(THE DATA)

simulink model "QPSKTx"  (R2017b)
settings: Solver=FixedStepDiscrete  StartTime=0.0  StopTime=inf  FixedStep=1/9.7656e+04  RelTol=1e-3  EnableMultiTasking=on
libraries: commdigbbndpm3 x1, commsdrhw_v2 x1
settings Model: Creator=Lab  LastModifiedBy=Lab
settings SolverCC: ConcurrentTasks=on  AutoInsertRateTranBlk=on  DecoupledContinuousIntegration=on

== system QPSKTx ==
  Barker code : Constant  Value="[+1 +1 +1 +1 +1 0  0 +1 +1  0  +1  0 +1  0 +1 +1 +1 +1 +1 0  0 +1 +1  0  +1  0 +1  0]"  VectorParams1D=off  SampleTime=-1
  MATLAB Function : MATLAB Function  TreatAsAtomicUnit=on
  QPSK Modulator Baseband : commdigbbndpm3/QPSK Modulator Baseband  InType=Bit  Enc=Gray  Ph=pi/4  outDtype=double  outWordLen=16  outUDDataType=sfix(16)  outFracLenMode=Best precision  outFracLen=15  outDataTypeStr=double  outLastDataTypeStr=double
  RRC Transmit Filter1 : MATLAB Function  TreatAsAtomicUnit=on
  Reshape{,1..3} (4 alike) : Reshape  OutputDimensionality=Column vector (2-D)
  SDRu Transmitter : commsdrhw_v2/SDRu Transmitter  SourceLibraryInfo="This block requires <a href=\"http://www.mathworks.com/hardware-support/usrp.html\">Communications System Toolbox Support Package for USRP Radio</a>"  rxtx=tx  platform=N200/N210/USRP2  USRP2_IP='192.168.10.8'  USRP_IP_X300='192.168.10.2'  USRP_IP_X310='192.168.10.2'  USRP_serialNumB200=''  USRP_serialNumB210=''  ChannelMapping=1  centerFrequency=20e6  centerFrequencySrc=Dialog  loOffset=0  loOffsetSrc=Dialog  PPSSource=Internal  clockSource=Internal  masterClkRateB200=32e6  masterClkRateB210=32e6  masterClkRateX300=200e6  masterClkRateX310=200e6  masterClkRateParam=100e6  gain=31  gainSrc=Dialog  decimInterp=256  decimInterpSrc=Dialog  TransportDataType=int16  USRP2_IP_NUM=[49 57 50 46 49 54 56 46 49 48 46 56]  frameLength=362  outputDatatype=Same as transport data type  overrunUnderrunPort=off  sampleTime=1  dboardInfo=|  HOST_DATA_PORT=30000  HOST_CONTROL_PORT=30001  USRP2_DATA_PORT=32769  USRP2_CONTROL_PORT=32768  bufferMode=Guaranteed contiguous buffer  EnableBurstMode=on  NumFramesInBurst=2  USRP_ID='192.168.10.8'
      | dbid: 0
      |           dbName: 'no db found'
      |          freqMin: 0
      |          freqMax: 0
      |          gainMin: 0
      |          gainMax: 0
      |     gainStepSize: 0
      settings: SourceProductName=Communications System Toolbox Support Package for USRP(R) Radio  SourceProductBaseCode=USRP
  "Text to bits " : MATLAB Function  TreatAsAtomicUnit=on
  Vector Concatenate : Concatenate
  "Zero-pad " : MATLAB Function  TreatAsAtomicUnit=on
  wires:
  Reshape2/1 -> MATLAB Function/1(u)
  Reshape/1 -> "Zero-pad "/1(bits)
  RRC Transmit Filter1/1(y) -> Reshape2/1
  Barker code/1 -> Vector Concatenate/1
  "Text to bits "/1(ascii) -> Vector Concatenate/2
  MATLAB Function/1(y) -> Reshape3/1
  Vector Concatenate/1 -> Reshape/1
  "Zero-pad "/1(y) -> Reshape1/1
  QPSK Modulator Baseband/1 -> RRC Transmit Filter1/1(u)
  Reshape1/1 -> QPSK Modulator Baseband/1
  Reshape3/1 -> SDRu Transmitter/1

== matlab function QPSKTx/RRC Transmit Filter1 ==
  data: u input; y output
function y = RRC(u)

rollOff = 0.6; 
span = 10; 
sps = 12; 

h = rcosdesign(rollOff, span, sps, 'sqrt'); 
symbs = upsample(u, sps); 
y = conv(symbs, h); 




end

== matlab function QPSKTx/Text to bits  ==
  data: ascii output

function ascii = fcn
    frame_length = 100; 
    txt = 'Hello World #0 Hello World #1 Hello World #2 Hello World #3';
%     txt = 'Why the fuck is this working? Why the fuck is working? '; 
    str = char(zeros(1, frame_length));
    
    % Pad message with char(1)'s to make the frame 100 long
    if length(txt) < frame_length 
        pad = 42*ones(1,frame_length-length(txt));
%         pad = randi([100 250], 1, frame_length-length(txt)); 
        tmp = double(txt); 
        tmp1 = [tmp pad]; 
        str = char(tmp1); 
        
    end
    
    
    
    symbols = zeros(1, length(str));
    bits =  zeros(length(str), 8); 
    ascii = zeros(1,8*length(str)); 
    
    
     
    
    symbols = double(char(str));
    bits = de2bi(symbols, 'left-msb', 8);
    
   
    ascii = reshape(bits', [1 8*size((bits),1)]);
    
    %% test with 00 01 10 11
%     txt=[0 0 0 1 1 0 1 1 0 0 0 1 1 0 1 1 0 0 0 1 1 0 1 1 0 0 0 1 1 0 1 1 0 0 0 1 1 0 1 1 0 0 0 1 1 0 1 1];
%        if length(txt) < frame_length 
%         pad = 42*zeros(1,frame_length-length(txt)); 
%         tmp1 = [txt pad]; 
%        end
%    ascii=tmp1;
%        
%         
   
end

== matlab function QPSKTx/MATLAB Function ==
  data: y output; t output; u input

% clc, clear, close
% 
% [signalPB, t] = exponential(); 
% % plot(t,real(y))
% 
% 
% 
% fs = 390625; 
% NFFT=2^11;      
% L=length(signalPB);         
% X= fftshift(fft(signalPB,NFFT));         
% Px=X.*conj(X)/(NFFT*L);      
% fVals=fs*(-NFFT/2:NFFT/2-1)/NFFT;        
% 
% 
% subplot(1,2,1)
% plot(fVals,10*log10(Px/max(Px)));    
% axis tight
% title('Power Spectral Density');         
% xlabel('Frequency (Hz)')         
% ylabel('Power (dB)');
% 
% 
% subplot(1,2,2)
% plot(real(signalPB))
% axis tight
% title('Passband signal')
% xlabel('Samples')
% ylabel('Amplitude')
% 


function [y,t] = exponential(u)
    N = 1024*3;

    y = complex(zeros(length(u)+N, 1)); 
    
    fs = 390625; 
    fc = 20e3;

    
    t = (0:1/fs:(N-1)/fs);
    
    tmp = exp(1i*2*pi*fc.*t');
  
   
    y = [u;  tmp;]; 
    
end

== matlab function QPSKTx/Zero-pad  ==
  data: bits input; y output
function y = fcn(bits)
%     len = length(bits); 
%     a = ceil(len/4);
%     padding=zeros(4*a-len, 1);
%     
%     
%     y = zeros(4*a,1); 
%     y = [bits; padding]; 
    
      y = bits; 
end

(End THE DATA)

(WORK INSTRUCTION) Each record is to be retyped exactly as written.

(THE COMPLETED TASK)
simulink model "QPSKTx"  (R2017b)
settings: Solver=FixedStepDiscrete  StartTime=0.0  StopTime=inf  FixedStep=1/9.7656e+04  RelTol=1e-3  EnableMultiTasking=on
libraries: commdigbbndpm3 x1, commsdrhw_v2 x1
settings Model: Creator=Lab  LastModifiedBy=Lab
settings SolverCC: ConcurrentTasks=on  AutoInsertRateTranBlk=on  DecoupledContinuousIntegration=on

== system QPSKTx ==
  Barker code : Constant  Value="[+1 +1 +1 +1 +1 0  0 +1 +1  0  +1  0 +1  0 +1 +1 +1 +1 +1 0  0 +1 +1  0  +1  0 +1  0]"  VectorParams1D=off  SampleTime=-1
  MATLAB Function : MATLAB Function  TreatAsAtomicUnit=on
  QPSK Modulator Baseband : commdigbbndpm3/QPSK Modulator Baseband  InType=Bit  Enc=Gray  Ph=pi/4  outDtype=double  outWordLen=16  outUDDataType=sfix(16)  outFracLenMode=Best precision  outFracLen=15  outDataTypeStr=double  outLastDataTypeStr=double
  RRC Transmit Filter1 : MATLAB Function  TreatAsAtomicUnit=on
  Reshape{,1..3} (4 alike) : Reshape  OutputDimensionality=Column vector (2-D)
  SDRu Transmitter : commsdrhw_v2/SDRu Transmitter  SourceLibraryInfo="This block requires <a href=\"http://www.mathworks.com/hardware-support/usrp.html\">Communications System Toolbox Support Package for USRP Radio</a>"  rxtx=tx  platform=N200/N210/USRP2  USRP2_IP='192.168.10.8'  USRP_IP_X300='192.168.10.2'  USRP_IP_X310='192.168.10.2'  USRP_serialNumB200=''  USRP_serialNumB210=''  ChannelMapping=1  centerFrequency=20e6  centerFrequencySrc=Dialog  loOffset=0  loOffsetSrc=Dialog  PPSSource=Internal  clockSource=Internal  masterClkRateB200=32e6  masterClkRateB210=32e6  masterClkRateX300=200e6  masterClkRateX310=200e6  masterClkRateParam=100e6  gain=31  gainSrc=Dialog  decimInterp=256  decimInterpSrc=Dialog  TransportDataType=int16  USRP2_IP_NUM=[49 57 50 46 49 54 56 46 49 48 46 56]  frameLength=362  outputDatatype=Same as transport data type  overrunUnderrunPort=off  sampleTime=1  dboardInfo=|  HOST_DATA_PORT=30000  HOST_CONTROL_PORT=30001  USRP2_DATA_PORT=32769  USRP2_CONTROL_PORT=32768  bufferMode=Guaranteed contiguous buffer  EnableBurstMode=on  NumFramesInBurst=2  USRP_ID='192.168.10.8'
      | dbid: 0
      |           dbName: 'no db found'
      |          freqMin: 0
      |          freqMax: 0
      |          gainMin: 0
      |          gainMax: 0
      |     gainStepSize: 0
      settings: SourceProductName=Communications System Toolbox Support Package for USRP(R) Radio  SourceProductBaseCode=USRP
  "Text to bits " : MATLAB Function  TreatAsAtomicUnit=on
  Vector Concatenate : Concatenate
  "Zero-pad " : MATLAB Function  TreatAsAtomicUnit=on
  wires:
  Reshape2/1 -> MATLAB Function/1(u)
  Reshape/1 -> "Zero-pad "/1(bits)
  RRC Transmit Filter1/1(y) -> Reshape2/1
  Barker code/1 -> Vector Concatenate/1
  "Text to bits "/1(ascii) -> Vector Concatenate/2
  MATLAB Function/1(y) -> Reshape3/1
  Vector Concatenate/1 -> Reshape/1
  "Zero-pad "/1(y) -> Reshape1/1
  QPSK Modulator Baseband/1 -> RRC Transmit Filter1/1(u)
  Reshape1/1 -> QPSK Modulator Baseband/1
  Reshape3/1 -> SDRu Transmitter/1

== matlab function QPSKTx/RRC Transmit Filter1 ==
  data: u input; y output
function y = RRC(u)

rollOff = 0.6; 
span = 10; 
sps = 12; 

h = rcosdesign(rollOff, span, sps, 'sqrt'); 
symbs = upsample(u, sps); 
y = conv(symbs, h); 




end

== matlab function QPSKTx/Text to bits  ==
  data: ascii output

function ascii = fcn
    frame_length = 100; 
    txt = 'Hello World #0 Hello World #1 Hello World #2 Hello World #3';
%     txt = 'Why the fuck is this working? Why the fuck is working? '; 
    str = char(zeros(1, frame_length));
    
    % Pad message with char(1)'s to make the frame 100 long
    if length(txt) < frame_length 
        pad = 42*ones(1,frame_length-length(txt));
%         pad = randi([100 250], 1, frame_length-length(txt)); 
        tmp = double(txt); 
        tmp1 = [tmp pad]; 
        str = char(tmp1); 
        
    end
    
    
    
    symbols = zeros(1, length(str));
    bits =  zeros(length(str), 8); 
    ascii = zeros(1,8*length(str)); 
    
    
     
    
    symbols = double(char(str));
    bits = de2bi(symbols, 'left-msb', 8);
    
   
    ascii = reshape(bits', [1 8*size((bits),1)]);
    
    %% test with 00 01 10 11
%     txt=[0 0 0 1 1 0 1 1 0 0 0 1 1 0 1 1 0 0 0 1 1 0 1 1 0 0 0 1 1 0 1 1 0 0 0 1 1 0 1 1 0 0 0 1 1 0 1 1];
%        if length(txt) < frame_length 
%         pad = 42*zeros(1,frame_length-length(txt)); 
%         tmp1 = [txt pad]; 
%        end
%    ascii=tmp1;
%        
%         
   
end

== matlab function QPSKTx/MATLAB Function ==
  data: y output; t output; u input

% clc, clear, close
% 
% [signalPB, t] = exponential(); 
% % plot(t,real(y))
% 
% 
% 
% fs = 390625; 
% NFFT=2^11;      
% L=length(signalPB);         
% X= fftshift(fft(signalPB,NFFT));         
% Px=X.*conj(X)/(NFFT*L);      
% fVals=fs*(-NFFT/2:NFFT/2-1)/NFFT;        
% 
% 
% subplot(1,2,1)
% plot(fVals,10*log10(Px/max(Px)));    
% axis tight
% title('Power Spectral Density');         
% xlabel('Frequency (Hz)')         
% ylabel('Power (dB)');
% 
% 
% subplot(1,2,2)
% plot(real(signalPB))
% axis tight
% title('Passband signal')
% xlabel('Samples')
% ylabel('Amplitude')
% 


function [y,t] = exponential(u)
    N = 1024*3;

    y = complex(zeros(length(u)+N, 1)); 
    
    fs = 390625; 
    fc = 20e3;

    
    t = (0:1/fs:(N-1)/fs);
    
    tmp = exp(1i*2*pi*fc.*t');
  
   
    y = [u;  tmp;]; 
    
end

== matlab function QPSKTx/Zero-pad  ==
  data: bits input; y output
function y = fcn(bits)
%     len = length(bits); 
%     a = ceil(len/4);
%     padding=zeros(4*a-len, 1);
%     
%     
%     y = zeros(4*a,1); 
%     y = [bits; padding]; 
    
      y = bits; 
end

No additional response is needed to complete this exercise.